Since the body surface 300 is a curved surface, the image It and the image It + 1 have a geometrical relationship between movement and rotation as shown in the drawing, that is, the origin is at the center O of the image It, and the horizontal axis of the image It is Is a coordinate system with the X axis and the axis orthogonal to the Y axis, the image It + 1 moves dx along the X axis and rotates dΘ around the origin O. When the dx and dΘ are known, the geometric relationship between the images can be described by the following equation (1).

[0027]

P ′ = Ap + B (1) In Equation 1, A is a rotation matrix, B is a shift amount, p is coordinates of the image It, and p ′ is coordinates of the image It + 1. Then, since this geometric relationship is known, the image Jt can be accurately arranged in the three-dimensional space.

FIG. 6 shows the principle of movement amount detection according to the present invention.
The detection of the movement amount is performed by calculating the projection distribution of the image It and the image It + 1 in the vertical direction, and then calculating the correlation between the projection distributions. The position at which the correlation value becomes minimum while shifting the position in the horizontal direction is defined as the movement amount dx. I do. The projection distribution is calculated only in the image processing area 312.

The correlation value is the sum of absolute differences between the values of each element between the projection distributions, as shown in the equation in FIG. In the present invention, a global feature amount called a projection distribution is used for calculating the amount of movement of an image, so that the amount of movement can be obtained stably and the amount of calculation is extremely small, so that the amount of movement can be detected in real time with normal CPU capability. This has the effect.

FIG. 7 shows the principle of rotation amount detection according to the present invention.
In the case of detecting the movement amount, it is sufficient to set one image processing area. However, in the case of detecting the rotation amount, one image processing area is not sufficient, and it is necessary to set two or more. FIG. 7 shows an example in which six image processing areas 700 are aligned and set in the vertical direction. Here, IDs 1 to 6 are assigned to the image processing area from below.
A number (not shown) is given. With respect to such an image processing area, a projection distribution is obtained for each area, and each movement amount dxi is calculated.
Is calculated. If there is rotation between images, each movement amount increases or decreases monotonically in order of the ID number in principle.

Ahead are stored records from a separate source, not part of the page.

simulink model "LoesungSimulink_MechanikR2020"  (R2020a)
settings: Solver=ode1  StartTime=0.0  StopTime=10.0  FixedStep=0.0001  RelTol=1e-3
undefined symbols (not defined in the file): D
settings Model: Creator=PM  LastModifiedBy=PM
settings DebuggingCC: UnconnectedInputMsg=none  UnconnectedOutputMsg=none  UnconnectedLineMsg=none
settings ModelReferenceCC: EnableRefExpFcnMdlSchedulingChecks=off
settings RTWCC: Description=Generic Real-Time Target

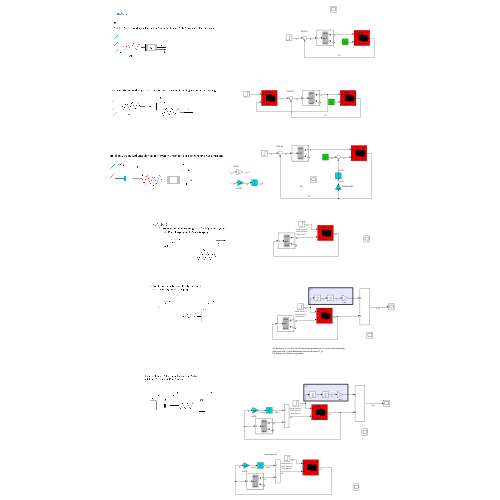
[thumbnail: Simulink's stored preview of the top-level diagram]
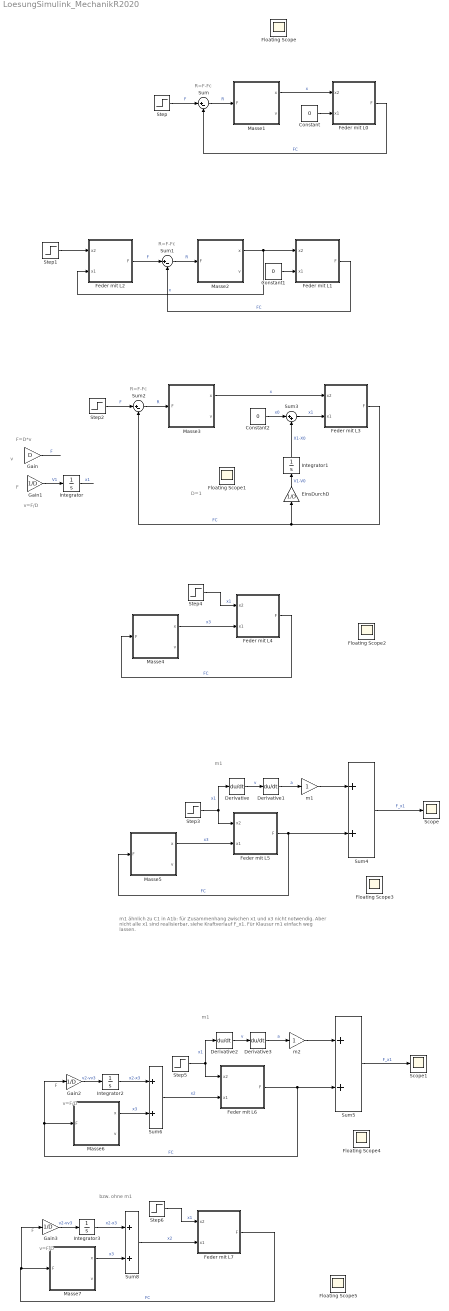
== system LoesungSimulink_MechanikR2020 ==
  note: m1
  note: m1 ähnlich zu C1 in  A1b: für Zusammenhang zwischen x1 und x3 nicht notwendig.
      | Aber nicht alle x1 sind realisierbar, siehe Kraftverlauf F_x1.
      | Für Klausur m1 einfach weg lassen.
  note: D=1
  note: F=D*v
  note: F
  note: v
  note: R=F-Fc
  note: R=F-Fc
  note: R=F-Fc
  note: v=F/D
  note: m1
  note: bzw. ohne m1
  note: F
  note: v=F/D
  note: F
  note: v=F/D
  " Feder mit L0" : Subsystem  mask{C=1, L0=0}
      mask prompts: C "Spring Constant C [N/m]"; L0 "Length of Spring if no force is applied L0 [m]"
      mask help:
      | If no force F is applied, the spring has the length L0.
      |
      | F=C*sign(x2-x1-L0)*((x2-x1-L0)
      mask Display:
      | plot(20,0)
      | plot(90,100)
      | plot([60,60],[25,30])
      | plot([60,80],[30,32])
      | plot([80,40],[32,36])
      | plot([40,80],[36,40])
      | plot([80,40],[40,44])
      | plot([40,80],[44,48])
      | plot([80,40],[48,52])
      | plot([40,80],[52,56])
      | plot([80,40],[56,60])
      | plot([40,80],[60,64])
      | plot([80,40],[64,68])
      | plot([40,60],[68,70])
      | plot([60,60],[70,75])
      | 
      | 
      | port_label ('output',1,'F')
      | port_label ('input',1,'x2')
      | port_label ('input',2,'x1')
      | 
      | text(40,10,['C=',num2str(C)])
      | text(40,90,['L0=',num2str(L0)])
  " Feder mit L1" : Subsystem  mask{C=1, L0=0}
      mask prompts: C "Spring Constant C [N/m]"; L0 "Length of Spring if no force is applied L0 [m]"
      mask help:
      | If no force F is applied, the spring has the length L0.
      |
      | F=C*sign(x2-x1-L0)*((x2-x1-L0)
      mask Display:
      | plot(20,0)
      | plot(90,100)
      | plot([60,60],[25,30])
      | plot([60,80],[30,32])
      | plot([80,40],[32,36])
      | plot([40,80],[36,40])
      | plot([80,40],[40,44])
      | plot([40,80],[44,48])
      | plot([80,40],[48,52])
      | plot([40,80],[52,56])
      | plot([80,40],[56,60])
      | plot([40,80],[60,64])
      | plot([80,40],[64,68])
      | plot([40,60],[68,70])
      | plot([60,60],[70,75])
      | 
      | 
      | port_label ('output',1,'F')
      | port_label ('input',1,'x2')
      | port_label ('input',2,'x1')
      | 
      | text(40,10,['C=',num2str(C)])
      | text(40,90,['L0=',num2str(L0)])
  " Feder mit L2" : Subsystem  mask{C=1, L0=0}
      mask prompts: C "Spring Constant C [N/m]"; L0 "Length of Spring if no force is applied L0 [m]"
      mask help:
      | If no force F is applied, the spring has the length L0.
      |
      | F=C*sign(x2-x1-L0)*((x2-x1-L0)
      mask Display:
      | plot(20,0)
      | plot(90,100)
      | plot([60,60],[25,30])
      | plot([60,80],[30,32])
      | plot([80,40],[32,36])
      | plot([40,80],[36,40])
      | plot([80,40],[40,44])
      | plot([40,80],[44,48])
      | plot([80,40],[48,52])
      | plot([40,80],[52,56])
      | plot([80,40],[56,60])
      | plot([40,80],[60,64])
      | plot([80,40],[64,68])
      | plot([40,60],[68,70])
      | plot([60,60],[70,75])
      | 
      | 
      | port_label ('output',1,'F')
      | port_label ('input',1,'x2')
      | port_label ('input',2,'x1')
      | 
      | text(40,10,['C=',num2str(C)])
      | text(40,90,['L0=',num2str(L0)])
  " Feder mit L3" : Subsystem  mask{C=1, L0=0}
      mask prompts: C "Spring Constant C [N/m]"; L0 "Length of Spring if no force is applied L0 [m]"
      mask help:
      | If no force F is applied, the spring has the length L0.
      |
      | F=C*sign(x2-x1-L0)*((x2-x1-L0)
      mask Display:
      | plot(20,0)
      | plot(90,100)
      | plot([60,60],[25,30])
      | plot([60,80],[30,32])
      | plot([80,40],[32,36])
      | plot([40,80],[36,40])
      | plot([80,40],[40,44])
      | plot([40,80],[44,48])
      | plot([80,40],[48,52])
      | plot([40,80],[52,56])
      | plot([80,40],[56,60])
      | plot([40,80],[60,64])
      | plot([80,40],[64,68])
      | plot([40,60],[68,70])
      | plot([60,60],[70,75])
      | 
      | 
      | port_label ('output',1,'F')
      | port_label ('input',1,'x2')
      | port_label ('input',2,'x1')
      | 
      | text(40,10,['C=',num2str(C)])
      | text(40,90,['L0=',num2str(L0)])
  " Feder mit L4" : Subsystem  mask{C=1, L0=1}
      mask prompts: C "Spring Constant C [N/m]"; L0 "Length of Spring if no force is applied L0 [m]"
      mask help:
      | If no force F is applied, the spring has the length L0.
      |
      | F=C*sign(x2-x1-L0)*((x2-x1-L0)
      mask Display:
      | plot(20,0)
      | plot(90,100)
      | plot([60,60],[25,30])
      | plot([60,80],[30,32])
      | plot([80,40],[32,36])
      | plot([40,80],[36,40])
      | plot([80,40],[40,44])
      | plot([40,80],[44,48])
      | plot([80,40],[48,52])
      | plot([40,80],[52,56])
      | plot([80,40],[56,60])
      | plot([40,80],[60,64])
      | plot([80,40],[64,68])
      | plot([40,60],[68,70])
      | plot([60,60],[70,75])
      | 
      | 
      | port_label ('output',1,'F')
      | port_label ('input',1,'x2')
      | port_label ('input',2,'x1')
      | 
      | text(40,10,['C=',num2str(C)])
      | text(40,90,['L0=',num2str(L0)])
  " Feder mit L5" : Subsystem  mask{C=1, L0=1}
      mask prompts: C "Spring Constant C [N/m]"; L0 "Length of Spring if no force is applied L0 [m]"
      mask help:
      | If no force F is applied, the spring has the length L0.
      |
      | F=C*sign(x2-x1-L0)*((x2-x1-L0)
      mask Display:
      | plot(20,0)
      | plot(90,100)
      | plot([60,60],[25,30])
      | plot([60,80],[30,32])
      | plot([80,40],[32,36])
      | plot([40,80],[36,40])
      | plot([80,40],[40,44])
      | plot([40,80],[44,48])
      | plot([80,40],[48,52])
      | plot([40,80],[52,56])
      | plot([80,40],[56,60])
      | plot([40,80],[60,64])
      | plot([80,40],[64,68])
      | plot([40,60],[68,70])
      | plot([60,60],[70,75])
      | 
      | 
      | port_label ('output',1,'F')
      | port_label ('input',1,'x2')
      | port_label ('input',2,'x1')
      | 
      | text(40,10,['C=',num2str(C)])
      | text(40,90,['L0=',num2str(L0)])
  " Feder mit L6" : Subsystem  mask{C=1, L0=1}
      mask prompts: C "Spring Constant C [N/m]"; L0 "Length of Spring if no force is applied L0 [m]"
      mask help:
      | If no force F is applied, the spring has the length L0.
      |
      | F=C*sign(x2-x1-L0)*((x2-x1-L0)
      mask Display:
      | plot(20,0)
      | plot(90,100)
      | plot([60,60],[25,30])
      | plot([60,80],[30,32])
      | plot([80,40],[32,36])
      | plot([40,80],[36,40])
      | plot([80,40],[40,44])
      | plot([40,80],[44,48])
      | plot([80,40],[48,52])
      | plot([40,80],[52,56])
      | plot([80,40],[56,60])
      | plot([40,80],[60,64])
      | plot([80,40],[64,68])
      | plot([40,60],[68,70])
      | plot([60,60],[70,75])
      | 
      | 
      | port_label ('output',1,'F')
      | port_label ('input',1,'x2')
      | port_label ('input',2,'x1')
      | 
      | text(40,10,['C=',num2str(C)])
      | text(40,90,['L0=',num2str(L0)])
  " Feder mit L7" : Subsystem  mask{C=1, L0=1}
      mask prompts: C "Spring Constant C [N/m]"; L0 "Length of Spring if no force is applied L0 [m]"
      mask help:
      | If no force F is applied, the spring has the length L0.
      |
      | F=C*sign(x2-x1-L0)*((x2-x1-L0)
      mask Display:
      | plot(20,0)
      | plot(90,100)
      | plot([60,60],[25,30])
      | plot([60,80],[30,32])
      | plot([80,40],[32,36])
      | plot([40,80],[36,40])
      | plot([80,40],[40,44])
      | plot([40,80],[44,48])
      | plot([80,40],[48,52])
      | plot([40,80],[52,56])
      | plot([80,40],[56,60])
      | plot([40,80],[60,64])
      | plot([80,40],[64,68])
      | plot([40,60],[68,70])
      | plot([60,60],[70,75])
      | 
      | 
      | port_label ('output',1,'F')
      | port_label ('input',1,'x2')
      | port_label ('input',2,'x1')
      | 
      | text(40,10,['C=',num2str(C)])
      | text(40,90,['L0=',num2str(L0)])
  Constant : Constant  Value=0
  Constant1 : Constant  Value=0
  Constant2 : Constant  Value=0
  Derivative{,1..3} (4 alike) : Derivative
  EinsDurchD : Gain  Gain=1/D
  Floating Scope{,1..5} (6 alike) : Scope
      settings: Floating=on
  Gain : Gain  Gain=D
  Gain1 : Gain  Gain=1/D
  Gain2 : Gain  Gain=1/D
  Gain3 : Gain  Gain=1/D
  Integrator{,1..3} (4 alike) : Integrator
  Masse1 : Subsystem  mask{m=1, v0=0, x0=0}
      mask prompts: m "Masse m"; v0 "Anfangsgeschwindigkeit v_0"; x0 "Anfangsposition x_0"
      mask help:
      | Calculates the position s and the velocity v of a mass as a function of the Force F and the initial velocity v_0 and initial position s_0.
      | Berechnet die Position und die Geschwindigkeit eines Köpers mit der Masse m. Auf den Köper wirkt die Kraft F. Die Anfangsposition ist s_0, die Anfangsgeschwindigkeit ist v_0.
      mask Display:
      | plot(0,0)
      | plot(100,100)
      | patch([35 35 70 70],[10 90 90 10],[0.7,0.7,0.7])
      | text(40,80,['x0=',num2str(x0)])
      | text(40,50,['m=',num2str(m)])
      | text(40,20,['v0=',num2str(v0)])
      | plot([70 80],[70 70])
      | patch([80 80 85],[65 75 70],[0 0 0])
      | plot([15 35],[50 50])
      | patch([30 30 35],[45 55 50],[0 0 0])
      | plot([70 80],[30 30])
      | patch([80 80 85],[25 35 30],[0 0 0])
      | port_label ('output',1,'x')
      | port_label ('output',2,'v')
      | port_label ('input',1,'F')
  Masse2 : Subsystem  mask{m=1, v0=0, x0=0}
      mask prompts: m "Masse m"; v0 "Anfangsgeschwindigkeit v_0"; x0 "Anfangsposition x_0"
      mask help:
      | Calculates the position s and the velocity v of a mass as a function of the Force F and the initial velocity v_0 and initial position s_0.
      | Berechnet die Position und die Geschwindigkeit eines Köpers mit der Masse m. Auf den Köper wirkt die Kraft F. Die Anfangsposition ist s_0, die Anfangsgeschwindigkeit ist v_0.
      mask Display:
      | plot(0,0)
      | plot(100,100)
      | patch([35 35 70 70],[10 90 90 10],[0.7,0.7,0.7])
      | text(40,80,['x0=',num2str(x0)])
      | text(40,50,['m=',num2str(m)])
      | text(40,20,['v0=',num2str(v0)])
      | plot([70 80],[70 70])
      | patch([80 80 85],[65 75 70],[0 0 0])
      | plot([15 35],[50 50])
      | patch([30 30 35],[45 55 50],[0 0 0])
      | plot([70 80],[30 30])
      | patch([80 80 85],[25 35 30],[0 0 0])
      | port_label ('output',1,'x')
      | port_label ('output',2,'v')
      | port_label ('input',1,'F')
  Masse3 : Subsystem  mask{m=1, v0=0, x0=0}
      mask prompts: m "Masse m"; v0 "Anfangsgeschwindigkeit v_0"; x0 "Anfangsposition x_0"
      mask help:
      | Calculates the position s and the velocity v of a mass as a function of the Force F and the initial velocity v_0 and initial position s_0.
      | Berechnet die Position und die Geschwindigkeit eines Köpers mit der Masse m. Auf den Köper wirkt die Kraft F. Die Anfangsposition ist s_0, die Anfangsgeschwindigkeit ist v_0.
      mask Display:
      | plot(0,0)
      | plot(100,100)
      | patch([35 35 70 70],[10 90 90 10],[0.7,0.7,0.7])
      | text(40,80,['x0=',num2str(x0)])
      | text(40,50,['m=',num2str(m)])
      | text(40,20,['v0=',num2str(v0)])
      | plot([70 80],[70 70])
      | patch([80 80 85],[65 75 70],[0 0 0])
      | plot([15 35],[50 50])
      | patch([30 30 35],[45 55 50],[0 0 0])
      | plot([70 80],[30 30])
      | patch([80 80 85],[25 35 30],[0 0 0])
      | port_label ('output',1,'x')
      | port_label ('output',2,'v')
      | port_label ('input',1,'F')
  Masse4 : Subsystem  mask{m=1, v0=0, x0=0}
      mask prompts: m "Masse m"; v0 "Anfangsgeschwindigkeit v_0"; x0 "Anfangsposition x_0"
      mask help:
      | Calculates the position s and the velocity v of a mass as a function of the Force F and the initial velocity v_0 and initial position s_0.
      | Berechnet die Position und die Geschwindigkeit eines Köpers mit der Masse m. Auf den Köper wirkt die Kraft F. Die Anfangsposition ist s_0, die Anfangsgeschwindigkeit ist v_0.
      mask Display:
      | plot(0,0)
      | plot(100,100)
      | patch([35 35 70 70],[10 90 90 10],[0.7,0.7,0.7])
      | text(40,80,['x0=',num2str(x0)])
      | text(40,50,['m=',num2str(m)])
      | text(40,20,['v0=',num2str(v0)])
      | plot([70 80],[70 70])
      | patch([80 80 85],[65 75 70],[0 0 0])
      | plot([15 35],[50 50])
      | patch([30 30 35],[45 55 50],[0 0 0])
      | plot([70 80],[30 30])
      | patch([80 80 85],[25 35 30],[0 0 0])
      | port_label ('output',1,'x')
      | port_label ('output',2,'v')
      | port_label ('input',1,'F')
  Masse5 : Subsystem  mask{m=1, v0=0, x0=0}
      mask prompts: m "Masse m"; v0 "Anfangsgeschwindigkeit v_0"; x0 "Anfangsposition x_0"
      mask help:
      | Calculates the position s and the velocity v of a mass as a function of the Force F and the initial velocity v_0 and initial position s_0.
      | Berechnet die Position und die Geschwindigkeit eines Köpers mit der Masse m. Auf den Köper wirkt die Kraft F. Die Anfangsposition ist s_0, die Anfangsgeschwindigkeit ist v_0.
      mask Display:
      | plot(0,0)
      | plot(100,100)
      | patch([35 35 70 70],[10 90 90 10],[0.7,0.7,0.7])
      | text(40,80,['x0=',num2str(x0)])
      | text(40,50,['m=',num2str(m)])
      | text(40,20,['v0=',num2str(v0)])
      | plot([70 80],[70 70])
      | patch([80 80 85],[65 75 70],[0 0 0])
      | plot([15 35],[50 50])
      | patch([30 30 35],[45 55 50],[0 0 0])
      | plot([70 80],[30 30])
      | patch([80 80 85],[25 35 30],[0 0 0])
      | port_label ('output',1,'x')
      | port_label ('output',2,'v')
      | port_label ('input',1,'F')
  Masse6 : Subsystem  mask{m=1, v0=0, x0=0}
      mask prompts: m "Masse m"; v0 "Anfangsgeschwindigkeit v_0"; x0 "Anfangsposition x_0"
      mask help:
      | Calculates the position s and the velocity v of a mass as a function of the Force F and the initial velocity v_0 and initial position s_0.
      | Berechnet die Position und die Geschwindigkeit eines Köpers mit der Masse m. Auf den Köper wirkt die Kraft F. Die Anfangsposition ist s_0, die Anfangsgeschwindigkeit ist v_0.
      mask Display:
      | plot(0,0)
      | plot(100,100)
      | patch([35 35 70 70],[10 90 90 10],[0.7,0.7,0.7])
      | text(40,80,['x0=',num2str(x0)])
      | text(40,50,['m=',num2str(m)])
      | text(40,20,['v0=',num2str(v0)])
      | plot([70 80],[70 70])
      | patch([80 80 85],[65 75 70],[0 0 0])
      | plot([15 35],[50 50])
      | patch([30 30 35],[45 55 50],[0 0 0])
      | plot([70 80],[30 30])
      | patch([80 80 85],[25 35 30],[0 0 0])
      | port_label ('output',1,'x')
      | port_label ('output',2,'v')
      | port_label ('input',1,'F')
  Masse7 : Subsystem  mask{m=1, v0=0, x0=0}
      mask prompts: m "Masse m"; v0 "Anfangsgeschwindigkeit v_0"; x0 "Anfangsposition x_0"
      mask help:
      | Calculates the position s and the velocity v of a mass as a function of the Force F and the initial velocity v_0 and initial position s_0.
      | Berechnet die Position und die Geschwindigkeit eines Köpers mit der Masse m. Auf den Köper wirkt die Kraft F. Die Anfangsposition ist s_0, die Anfangsgeschwindigkeit ist v_0.
      mask Display:
      | plot(0,0)
      | plot(100,100)
      | patch([35 35 70 70],[10 90 90 10],[0.7,0.7,0.7])
      | text(40,80,['x0=',num2str(x0)])
      | text(40,50,['m=',num2str(m)])
      | text(40,20,['v0=',num2str(v0)])
      | plot([70 80],[70 70])
      | patch([80 80 85],[65 75 70],[0 0 0])
      | plot([15 35],[50 50])
      | patch([30 30 35],[45 55 50],[0 0 0])
      | plot([70 80],[30 30])
      | patch([80 80 85],[25 35 30],[0 0 0])
      | port_label ('output',1,'x')
      | port_label ('output',2,'v')
      | port_label ('input',1,'F')
  Scope : Scope
  Scope1 : Scope
  Step : Step  SampleTime=0
  Step1 : Step  SampleTime=0
  Step2 : Step  SampleTime=0
  Step{3..6} (4 alike) : Step  Before=1  After=2  SampleTime=0
      settings: AttributesFormatString=initial value=%<Before>\nfinal value=%<After>\nstep time=%<Time>
  Sum : Sum  Inputs=|+-
  Sum1 : Sum  Inputs=|+-
  Sum2 : Sum  Inputs=|+-
  Sum3 : Sum  Inputs=|++
  Sum{4..6,8} (4 alike) : Sum
  m1 : Gain
  m2 : Gain
  wires:
  Constant/1 -> " Feder mit L0"/2(x1)
  Masse1/1(x) -> " Feder mit L0"/1(x2)  "x"
  Sum/1 -> Masse1/1(F)  "R"
  Step/1 -> Sum/1  "F"
  " Feder mit L0"/1(F) -> Sum/2  "FC"
  Constant1/1 -> " Feder mit L1"/2(x1)
  " Feder mit L1"/1(F) -> Sum1/2  "FC"
  Sum1/1 -> Masse2/1(F)  "R"
  Masse2/1(x) -> " Feder mit L2"/2(x1), " Feder mit L1"/1(x2)  "x"
  " Feder mit L2"/1(F) -> Sum1/1  "F"
  Step1/1 -> " Feder mit L2"/1(x2)
  " Feder mit L3"/1(F) -> EinsDurchD/1, Sum2/2  "FC"
  Sum2/1 -> Masse3/1(F)  "R"
  Masse3/1(x) -> " Feder mit L3"/1(x2)  "x"
  Step2/1 -> Sum2/1  "F"
  ? -> Gain/1
  Gain/1 -> ?  "F"
  ? -> Gain1/1
  Gain1/1 -> Integrator/1  "V1"
  Integrator/1 -> ?  "x1"
  EinsDurchD/1 -> Integrator1/1  "V1-V0"
  Sum3/1 -> " Feder mit L3"/2(x1)  "x1"
  Integrator1/1 -> Sum3/2  "X1-X0"
  Constant2/1 -> Sum3/1  "x0"
  Masse4/1(x) -> " Feder mit L4"/2(x1)  "x3"
  Step4/1 -> " Feder mit L4"/1(x2)  "x1"
  " Feder mit L4"/1(F) -> Masse4/1(F)  "FC"
  Step3/1 -> " Feder mit L5"/1(x2), Derivative/1  "x1"
  Masse5/1(x) -> " Feder mit L5"/2(x1)  "x3"
  " Feder mit L5"/1(F) -> Sum4/2, Masse5/1(F)  "FC"
  Derivative/1 -> Derivative1/1  "v"
  Derivative1/1 -> m1/1  "a"
  m1/1 -> Sum4/1
  Sum4/1 -> Scope/1  "F_x1"
  Sum5/1 -> Scope1/1  "F_x1"
  m2/1 -> Sum5/1
  Derivative3/1 -> m2/1  "a"
  " Feder mit L6"/1(F) -> Gain2/1, Masse6/1(F), Sum5/2  "FC"
  Sum6/1 -> " Feder mit L6"/2(x1)  "x2"
  Step5/1 -> " Feder mit L6"/1(x2), Derivative2/1  "x1"
  Derivative2/1 -> Derivative3/1  "v"
  Integrator2/1 -> Sum6/1  "x2-x3"
  Gain2/1 -> Integrator2/1  "v2-vv3"
  Masse6/1(x) -> Sum6/2  "x3"
  Integrator3/1 -> Sum8/1  "x2-x3"
  Gain3/1 -> Integrator3/1  "v2-vv3"
  " Feder mit L7"/1(F) -> Gain3/1, Masse7/1(F)  "FC"
  Masse7/1(x) -> Sum8/2  "x3"
  Step6/1 -> " Feder mit L7"/1(x2)  "x1"
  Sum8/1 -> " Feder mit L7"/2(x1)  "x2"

Therefore, the amount of rotation dΘ is calculated from the difference in the amount of movement between the farthest regions by the formula shown in FIG. Since the image processing area used for the movement amount detection here is set locally, the reliability of the movement amount detection is inferior to the movement amount detection shown in FIG. For example, when scanning a probe, if the user encounters a bone or the like, the ultrasonic beam does not pass through the body any more, so that no echo returns from a location after that. For this reason, the obtained tomographic image becomes dark in places after the bone. If the darkened portion largely covers each image processing area, the moving amount cannot be obtained correctly.

Therefore, in the present invention, first, pixels are evaluated for each area, and if there are many dark pixels, the movement amount is not detected. Then, in order to determine the reliability of the detected movement amount, the rotation amount is calculated only when the monotonicity of the movement amount is checked in the order of ID number and the monotonicity is confirmed. At this time, the calculation of the amount of rotation uses a difference value of the amount of movement between the most distant image processing regions for which the amount of movement is determined. In the present invention, a large number of image processing regions are set for calculating the amount of rotation of an image, and even if a situation where the amount of movement cannot be detected partially occurs, the amount of rotation is calculated from the amount of movement obtained from the remaining image processing regions. Because
Increases reliability. In this embodiment, six image processing areas are set. For example, even if four of the six image processing areas cannot be detected, the rotation amount can be detected from the remaining two, so that the detection rate is high. Also, since the amount of calculation is extremely small, the usual C
There is an effect that the rotation amount can be detected in real time by the PU capability.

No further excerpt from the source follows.